#### Records for the task ####

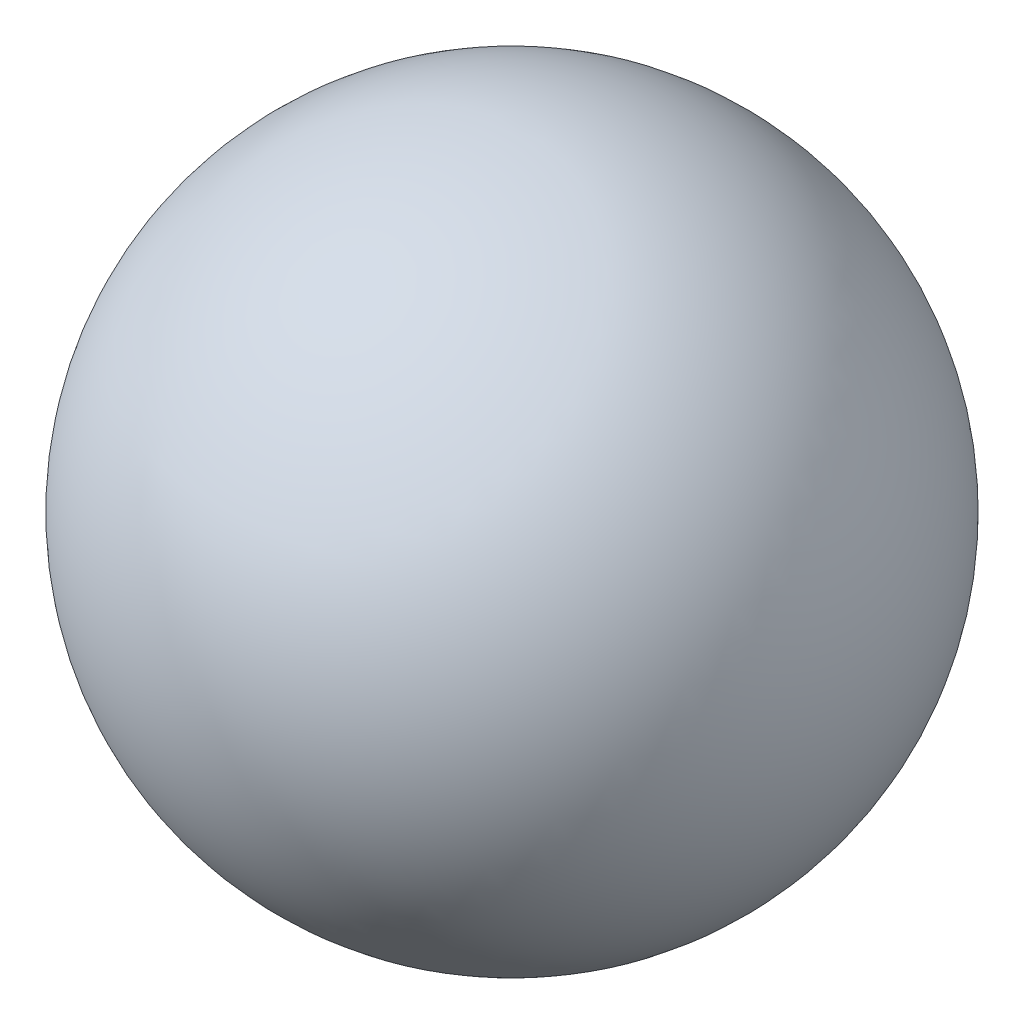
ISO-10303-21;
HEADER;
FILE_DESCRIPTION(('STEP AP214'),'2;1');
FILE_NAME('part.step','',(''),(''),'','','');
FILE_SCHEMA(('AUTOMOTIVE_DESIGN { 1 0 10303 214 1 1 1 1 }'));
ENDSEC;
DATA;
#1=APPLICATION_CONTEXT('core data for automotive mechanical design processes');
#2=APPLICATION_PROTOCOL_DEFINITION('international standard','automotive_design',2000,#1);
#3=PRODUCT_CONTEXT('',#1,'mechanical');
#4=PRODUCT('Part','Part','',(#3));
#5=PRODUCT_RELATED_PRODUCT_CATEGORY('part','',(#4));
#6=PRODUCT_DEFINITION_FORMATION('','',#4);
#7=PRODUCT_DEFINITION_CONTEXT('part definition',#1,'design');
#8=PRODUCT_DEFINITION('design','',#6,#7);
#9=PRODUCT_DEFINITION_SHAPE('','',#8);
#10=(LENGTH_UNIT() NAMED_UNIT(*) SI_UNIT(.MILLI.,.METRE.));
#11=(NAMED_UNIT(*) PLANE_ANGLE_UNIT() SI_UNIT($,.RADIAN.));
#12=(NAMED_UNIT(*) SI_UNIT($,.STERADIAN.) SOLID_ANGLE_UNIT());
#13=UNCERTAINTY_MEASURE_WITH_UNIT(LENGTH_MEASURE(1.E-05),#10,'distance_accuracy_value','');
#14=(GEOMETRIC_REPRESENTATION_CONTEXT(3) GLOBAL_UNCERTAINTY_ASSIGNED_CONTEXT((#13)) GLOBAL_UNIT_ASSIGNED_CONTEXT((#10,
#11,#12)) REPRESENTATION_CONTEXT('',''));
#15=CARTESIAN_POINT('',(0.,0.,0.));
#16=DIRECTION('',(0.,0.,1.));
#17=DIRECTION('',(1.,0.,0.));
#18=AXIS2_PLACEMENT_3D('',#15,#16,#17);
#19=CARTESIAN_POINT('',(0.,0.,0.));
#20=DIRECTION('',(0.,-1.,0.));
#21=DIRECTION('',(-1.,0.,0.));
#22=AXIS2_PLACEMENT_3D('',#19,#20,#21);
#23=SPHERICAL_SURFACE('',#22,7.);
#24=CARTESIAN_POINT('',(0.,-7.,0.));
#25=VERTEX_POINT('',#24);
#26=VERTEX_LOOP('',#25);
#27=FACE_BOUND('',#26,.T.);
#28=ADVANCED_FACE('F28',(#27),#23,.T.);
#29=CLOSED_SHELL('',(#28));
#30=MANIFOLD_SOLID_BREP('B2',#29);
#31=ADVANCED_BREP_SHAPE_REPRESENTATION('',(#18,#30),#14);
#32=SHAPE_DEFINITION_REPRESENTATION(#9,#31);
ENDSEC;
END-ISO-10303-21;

####

With the line containing "#11=(NAMED_UNIT(*) PLANE_ANGLE_UNIT() SI_UNIT($,.RADIAN.));" as the first and the last line above as the final one, copy those lines exactly and no others.

Result for this exercise:
#11=(NAMED_UNIT(*) PLANE_ANGLE_UNIT() SI_UNIT($,.RADIAN.));
#12=(NAMED_UNIT(*) SI_UNIT($,.STERADIAN.) SOLID_ANGLE_UNIT());
#13=UNCERTAINTY_MEASURE_WITH_UNIT(LENGTH_MEASURE(1.E-05),#10,'distance_accuracy_value','');
#14=(GEOMETRIC_REPRESENTATION_CONTEXT(3) GLOBAL_UNCERTAINTY_ASSIGNED_CONTEXT((#13)) GLOBAL_UNIT_ASSIGNED_CONTEXT((#10,
#11,#12)) REPRESENTATION_CONTEXT('',''));
#15=CARTESIAN_POINT('',(0.,0.,0.));
#16=DIRECTION('',(0.,0.,1.));
#17=DIRECTION('',(1.,0.,0.));
#18=AXIS2_PLACEMENT_3D('',#15,#16,#17);
#19=CARTESIAN_POINT('',(0.,0.,0.));
#20=DIRECTION('',(0.,-1.,0.));
#21=DIRECTION('',(-1.,0.,0.));
#22=AXIS2_PLACEMENT_3D('',#19,#20,#21);
#23=SPHERICAL_SURFACE('',#22,7.);
#24=CARTESIAN_POINT('',(0.,-7.,0.));
#25=VERTEX_POINT('',#24);
#26=VERTEX_LOOP('',#25);
#27=FACE_BOUND('',#26,.T.);
#28=ADVANCED_FACE('F28',(#27),#23,.T.);
#29=CLOSED_SHELL('',(#28));
#30=MANIFOLD_SOLID_BREP('B2',#29);
#31=ADVANCED_BREP_SHAPE_REPRESENTATION('',(#18,#30),#14);
#32=SHAPE_DEFINITION_REPRESENTATION(#9,#31);
ENDSEC;
END-ISO-10303-21;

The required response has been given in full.